If there isnt one (Highly unlikely) watch it fly.


----------



## Aussiejeff (2 March 2005)

Interestingly, the Dow hasn't fallen dramatically with the series of interest rate rises the Fed has made in the US over the last year. Up again today..

Maybe share markets these days move so fast on interest rate rise rumours that they affectively pre-empt such announcements to a degree (ie: the rise is already factored in?)

And 5.5% PA from a bank account (pre-tax and not counting inflation) is a pi$$ poor return in my book. I'd rather continue riding the dips and swells in the market any day..... at least until that option hits the proverbial brick wall.

Cheers,

AJ

PS:  When I look at every one of the charts here http://finance.yahoo.com/intlindices  I don't feel at all negative about the world economy at large!!! Anyone know how to trade Egyptian stocks?? hehe...


----------



## dutchie (2 March 2005)

Yes I do, theres a new new IPO that is being offered now.

The company is making mechanical camels which will revolutionise travel across the deserts (runs on raw oil - but only needs filling up once a month).

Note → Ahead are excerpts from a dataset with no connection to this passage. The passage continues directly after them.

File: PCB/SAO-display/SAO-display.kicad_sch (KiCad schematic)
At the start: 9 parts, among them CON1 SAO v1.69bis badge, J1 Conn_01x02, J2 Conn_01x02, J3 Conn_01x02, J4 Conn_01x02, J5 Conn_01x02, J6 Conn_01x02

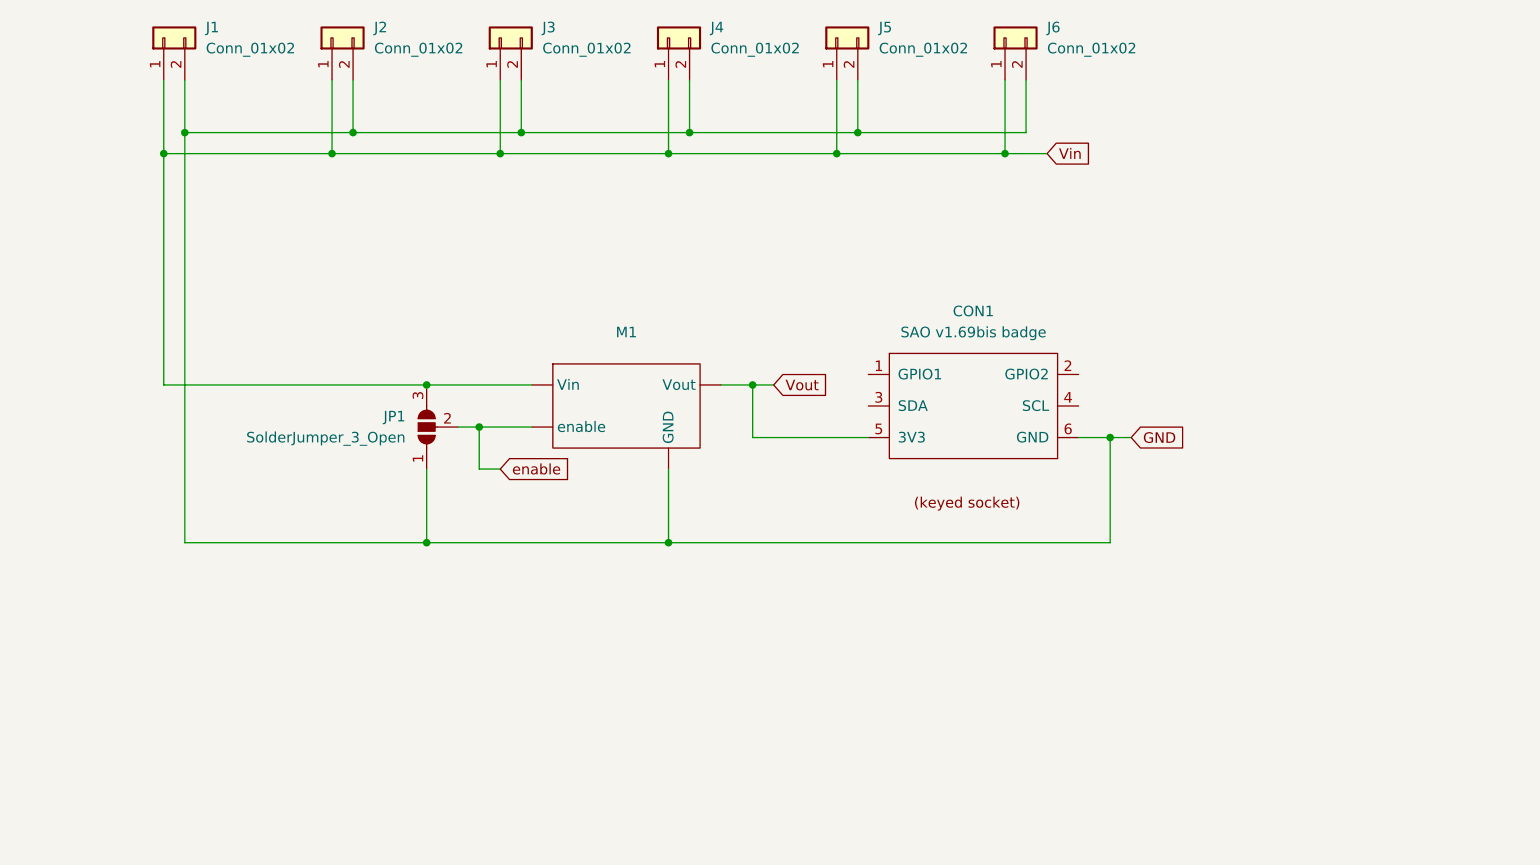
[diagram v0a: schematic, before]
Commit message: add decoupling capacitors
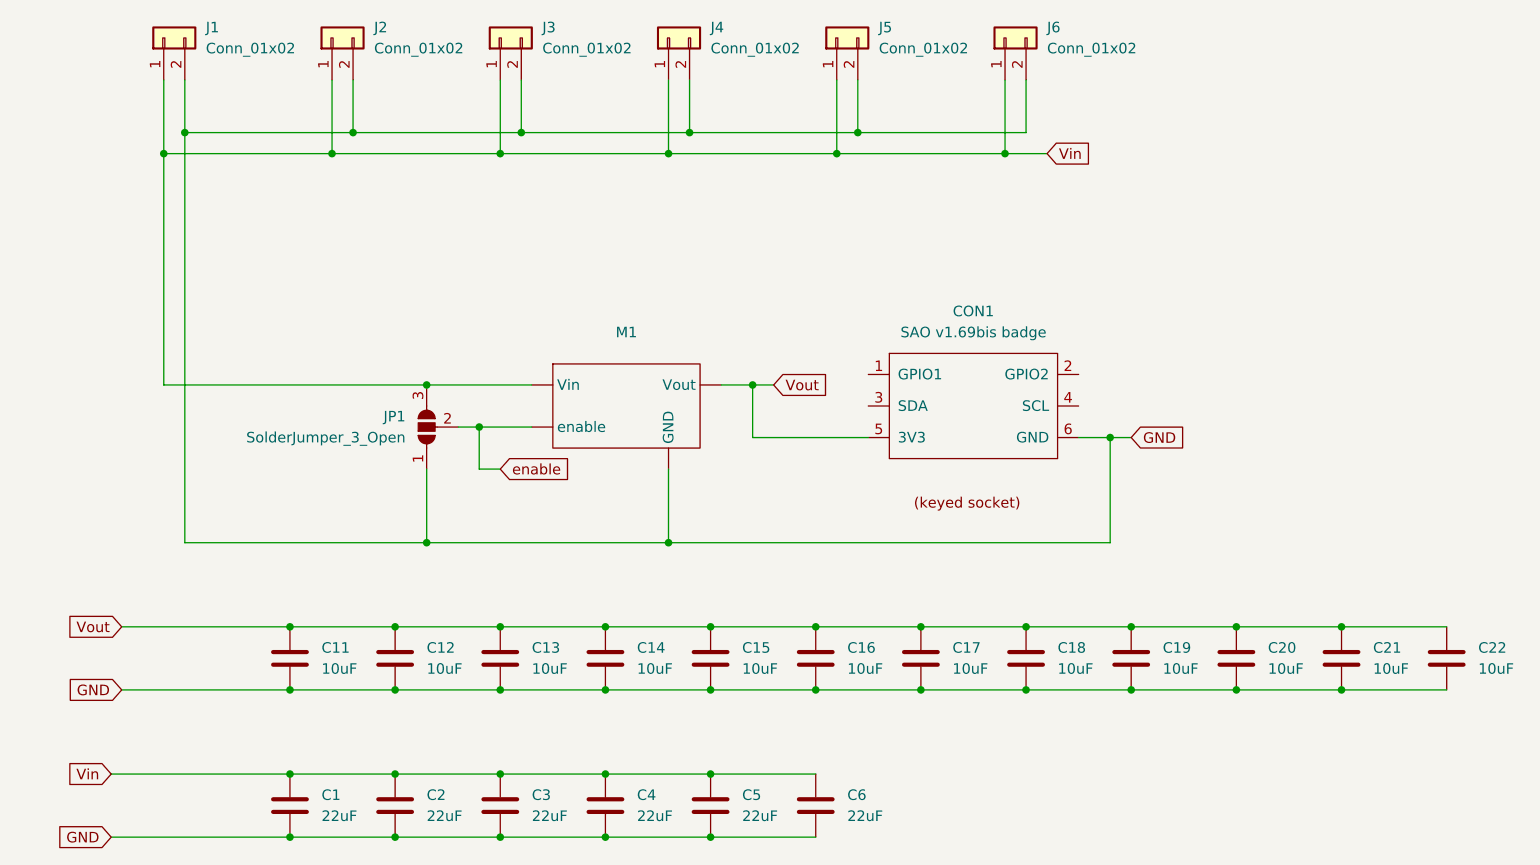
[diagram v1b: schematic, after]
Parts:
- added C1, C2, C3, C4, C5, C6: 22uF, Capacitor_SMD:C_0805_2012Metric_Pad1.18x1.45mm_HandSolder, symbol Device:C
- added C11, C12, C13, C14, C15, C16, C17, C18, C19, C20, C21, C22: 10uF, Capacitor_SMD:C_0402_1005Metric_Pad0.74x0.62mm_HandSolder, symbol Device:C
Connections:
- net GND: now also C1.2, C11.2, C12.2, C13.2, C14.2, C15.2, C16.2, C17.2, C18.2, C19.2, C2.2, C20.2, C21.2, C22.2, C3.2, C4.2, C5.2, C6.2
- net Vin: now also C1.1, C2.1, C3.1, C4.1, C5.1, C6.1
- net Vout: now also C11.1, C12.1, C13.1, C14.1, C15.1, C16.1, C17.1, C18.1, C19.1, C20.1, C21.1, C22.1

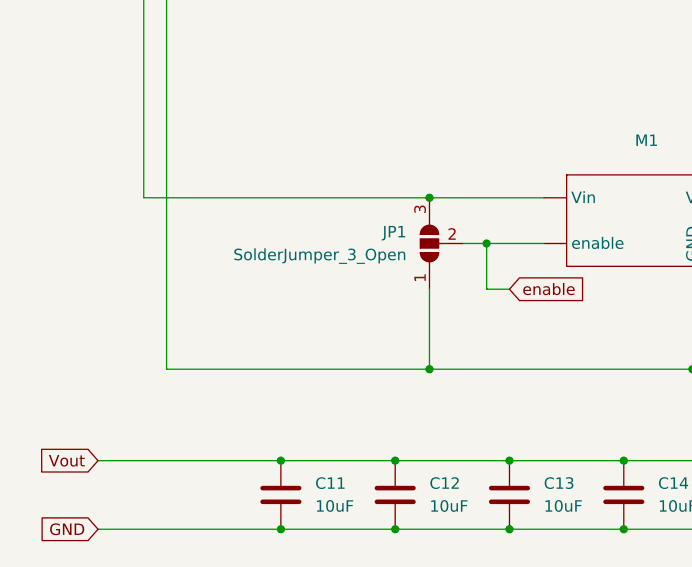
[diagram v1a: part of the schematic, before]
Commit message: add zener to protect input caps
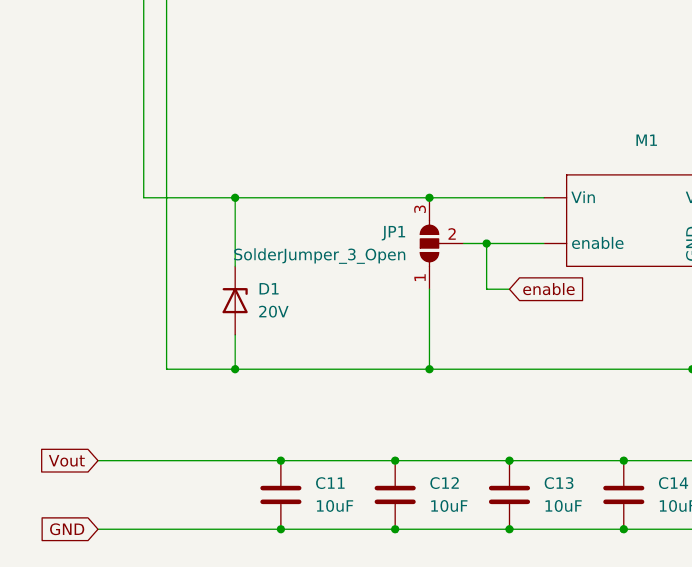
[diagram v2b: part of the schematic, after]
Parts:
- added D1: 20V, Diode_SMD:D_SOD-123, symbol Device:D_Zener
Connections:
- net GND: now also D1.2 (A)
- net Vin: now also D1.1 (K)
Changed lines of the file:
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@@
+	)
+	(junction
+		(at 41.91 67.31)
+		(diameter 0)
+		(color 0 0 0 0)
 	)
 	(junction
@@
 	)
 	(junction
+		(at 41.91 86.36)
+		(diameter 0)
+		(color 0 0 0 0)
+	)
+	(junction
 		(at 34.29 36.83)
 		(diameter 0)
@@
 	(wire
 		(pts
+			(xy 41.91 67.31) (xy 41.91 74.93)
+		)
+		(stroke
+			(width 0)
+			(type default)
+		)
+	)
+	(wire
+		(pts
 			(xy 97.79 96.52) (xy 85.09 96.52)
 		)
@@
 	(wire
 		(pts
-			(xy 34.29 86.36) (xy 63.5 86.36)
+			(xy 34.29 86.36) (xy 41.91 86.36)
+		)
+		(stroke
+			(width 0)
+			(type default)
+		)
+	)
+	(wire
+		(pts
+			(xy 41.91 67.31) (xy 63.5 67.31)
 		)
 		(stroke
@@
 	(wire
 		(pts
+			(xy 41.91 82.55) (xy 41.91 86.36)
+		)
+		(stroke
+			(width 0)
+			(type default)
+		)
+	)
+	(wire
+		(pts
 			(xy 97.79 121.92) (xy 85.09 121.92)
 		)
@@
 	(wire
 		(pts
+			(xy 41.91 86.36) (xy 63.5 86.36)
+		)
+		(stroke
+			(width 0)
+			(type default)
+		)
+	)
+	(wire
+		(pts
 			(xy 95.25 30.48) (xy 95.25 36.83)
 		)
@@
 	(wire
 		(pts
-			(xy 31.75 67.31) (xy 63.5 67.31)
+			(xy 31.75 67.31) (xy 41.91 67.31)
 		)
 		(stroke
@@
 					(unit 1)
 				)
+			)
+		)
+	)
+	(symbol
+		(lib_id "Device:D_Zener")
+		(at 41.91 78.74 270)
+		(unit 1)
+		(exclude_from_sim no)
+		(in_bom yes)
+		(on_board yes)
+		(dnp no)
+		(fields_autoplaced yes)
+		(property "Reference" "D1"
+			(at 44.45 77.4699 90)
+			(effects
+				(font
+					(size 1.27 1.27)
+				)
+				(justify left)
+			)
+		)
+		(property "Value" "20V"
+			(at 44.45 80.0099 90)
+			(effects
+				(font
+					(size 1.27 1.27)
+				)
+				(justify left)
+			)
+		)
+		(property "Footprint" "Diode_SMD:D_SOD-123"
+			(at 41.91 78.74 0)
+			(effects
+				(font
+					(size 1.27 1.27)
+				)
+				(hide yes)
+			)
+		)
+		(property "Datasheet" "~"
+			(at 41.91 78.74 0)
+			(effects
+				(font
+					(size 1.27 1.27)
+				)
+				(hide yes)
+			)
+		)
+		(property "Description" "Zener diode"
+			(at 41.91 78.74 0)
+			(effects
+				(font
+					(size 1.27 1.27)
+				)
+				(hide yes)
+			)
+		)
+		(pin "2"
+		)
+		(pin "1"
+		)
+		(instances
+			(project ""
+				(path "/d69956fb-1ece-4d71-a86e-9c0e03d8e4b0"
+					(reference "D1")
+					(unit 1)
+				)

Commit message: add LCSC part numbers
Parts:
- C1, C2, C3, C4, C5, C6: LCSC Part # (none) -> C602037
- C11, C12, C13, C14, C15, C16, C17, C18, C19, C20, C21, C22: LCSC Part # (none) -> C15525
- D1: LCSC Part # (none) -> C7544551

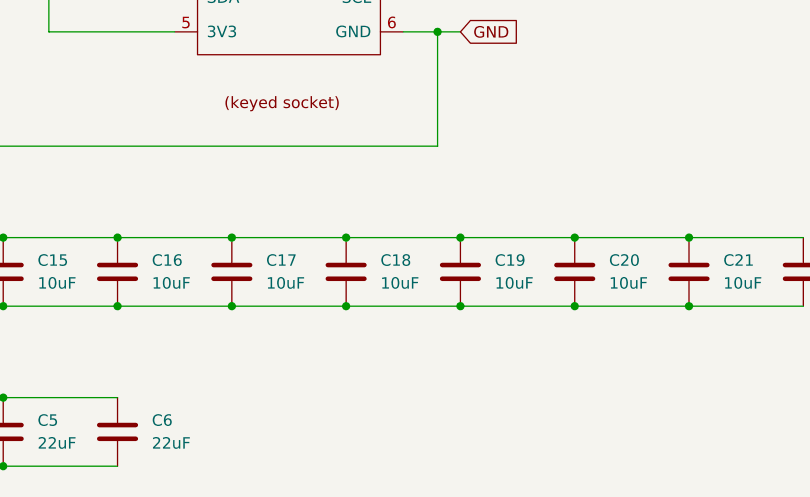
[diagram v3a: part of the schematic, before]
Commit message: add extra (larger) footprints for alternative capacitors
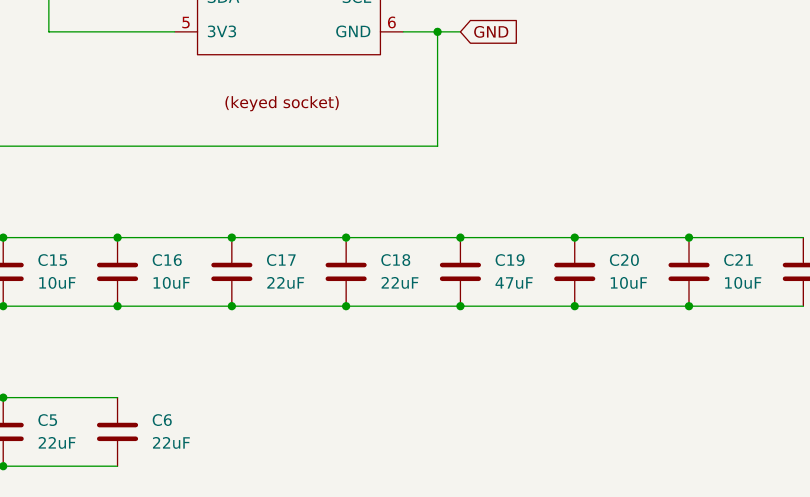
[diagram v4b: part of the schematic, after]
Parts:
- C17: value 10uF -> 22uF; footprint Capacitor_SMD:C_0402_1005Metric_Pad0.74x0.62mm_HandSolder -> Capacitor_SMD:C_0603_1608Metric; LCSC Part # C15525 -> C59461
- C18: value 10uF -> 22uF; footprint Capacitor_SMD:C_0402_1005Metric_Pad0.74x0.62mm_HandSolder -> Capacitor_SMD:C_0805_2012Metric; LCSC Part # C15525 -> C5674
- C19: value 10uF -> 47uF; footprint Capacitor_SMD:C_0402_1005Metric_Pad0.74x0.62mm_HandSolder -> Capacitor_SMD:C_1206_3216Metric; LCSC Part # C15525 -> C22399657

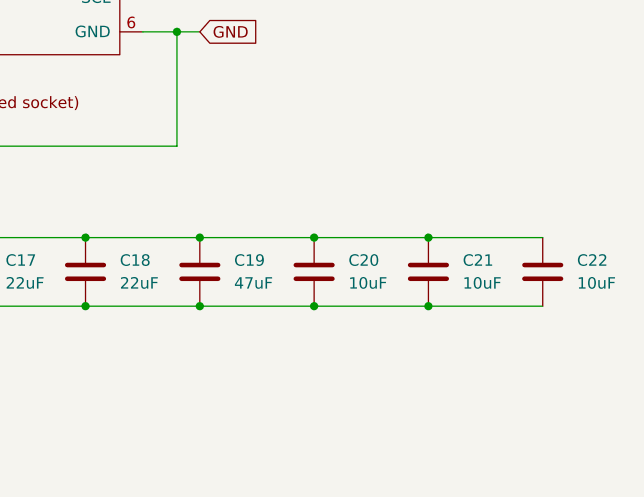
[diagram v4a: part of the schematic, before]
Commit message: add another alternative capacitor
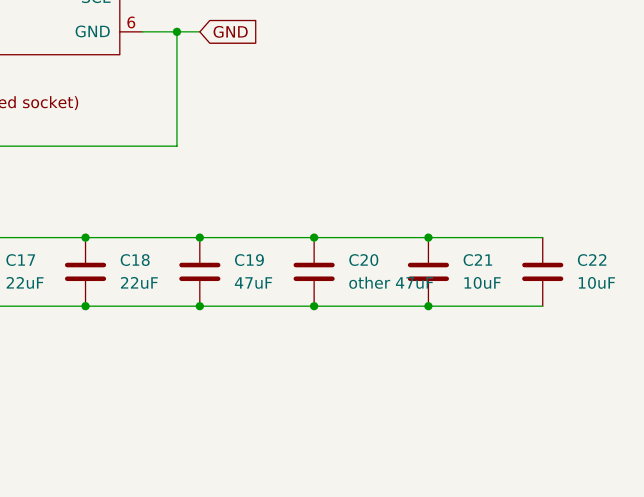
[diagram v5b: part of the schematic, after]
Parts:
- C20: value 10uF -> other 47uF; footprint Capacitor_SMD:C_0402_1005Metric_Pad0.74x0.62mm_HandSolder -> Capacitor_SMD:C_1206_3216Metric; LCSC Part # C15525 -> C68361
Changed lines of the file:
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@@
 			)
 		)
-		(property "Value" "10uF"
+		(property "Value" "other 47uF"
 			(at 165.1 101.5999 0)
 			(effects
@@
 			)
 		)
-		(property "Footprint" "Capacitor_SMD:C_0402_1005Metric_Pad0.74x0.62mm_HandSolder"
+		(property "Footprint" "Capacitor_SMD:C_1206_3216Metric"
 			(at 162.2552 104.14 0)
 			(effects
@@
 			)
 		)
-		(property "Datasheet" "https://www.lcsc.com/datasheet/lcsc_datasheet_2208231630_Samsung-Electro-Mechanics-CL05A106MQ5NUNC_C15525.pdf"
+		(property "Datasheet" "https://www.lcsc.com/datasheet/lcsc_datasheet_1810221121_Samsung-Electro-Mechanics-CL31A476MQHNNNE_C68361.pdf"
 			(at 161.29 100.33 0)
 			(effects
@@
 			)
 		)
-		(property "LCSC Part #" "C15525"
+		(property "LCSC Part #" "C68361"
 			(at 161.29 100.33 0)
 			(effects

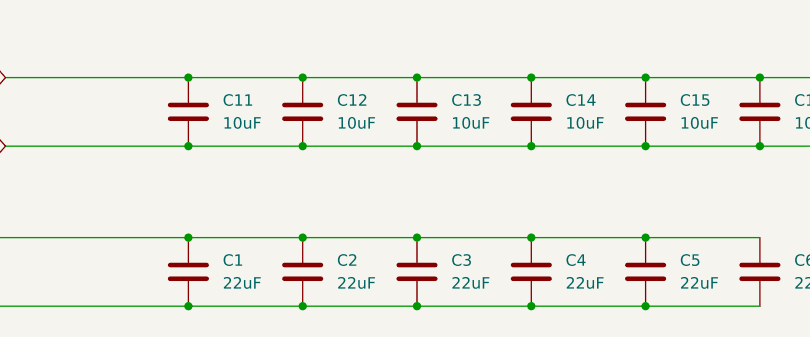
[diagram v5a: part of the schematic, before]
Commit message: add another alternative capacitor
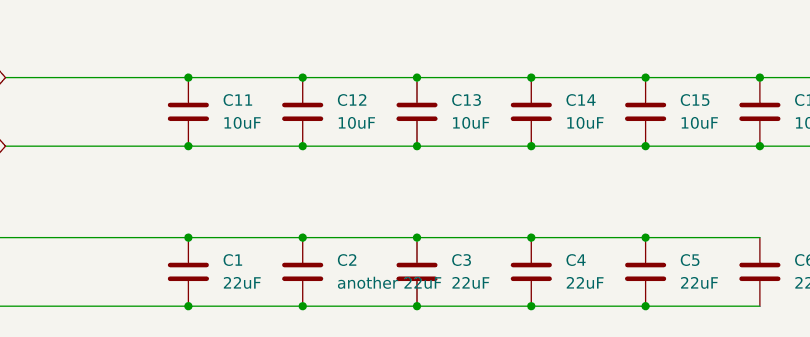
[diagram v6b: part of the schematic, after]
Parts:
- C2: value 22uF -> another 22uF; footprint Capacitor_SMD:C_0805_2012Metric_Pad1.18x1.45mm_HandSolder -> Capacitor_SMD:C_1206_3216Metric; LCSC Part # C602037 -> C7432786
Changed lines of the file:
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@@
 			)
 		)
-		(property "Value" "22uF"
+		(property "Value" "another 22uF"
 			(at 63.5 119.3799 0)
 			(effects
@@
 			)
 		)
-		(property "Footprint" "Capacitor_SMD:C_0805_2012Metric_Pad1.18x1.45mm_HandSolder"
+		(property "Footprint" "Capacitor_SMD:C_1206_3216Metric"
 			(at 60.6552 121.92 0)
 			(effects
@@
 			)
 		)
-		(property "Datasheet" "https://www.lcsc.com/datasheet/lcsc_datasheet_2006102223_Samsung-Electro-Mechanics-CL21A226MAYNNNE_C602037.pdf"
+		(property "Datasheet" "https://www.lcsc.com/datasheet/lcsc_datasheet_2410121645_Chinocera-HGC1206R5226M250NSPJ_C7432786.pdf"
 			(at 59.69 118.11 0)
 			(effects
@@
 			)
 		)
-		(property "LCSC Part #" "C602037"
+		(property "LCSC Part #" "C7432786"
 			(at 59.69 118.11 0)
 			(effects

Price will soar so get in early!!


----------



## Aussiejeff (2 March 2005)

dutchie said:
			
		

> Yes I do, theres a new new IPO that is being offered now.
> 
> The company is making mechanical camels which will revolutionise travel across the deserts (runs on raw oil - but only needs filling up once a month).
> 
> Price will soar so get in early!!




Haha!

I'd prefer Robocamels that run on coal. Especially Gloucester Coal....  ;o)

AJ


----------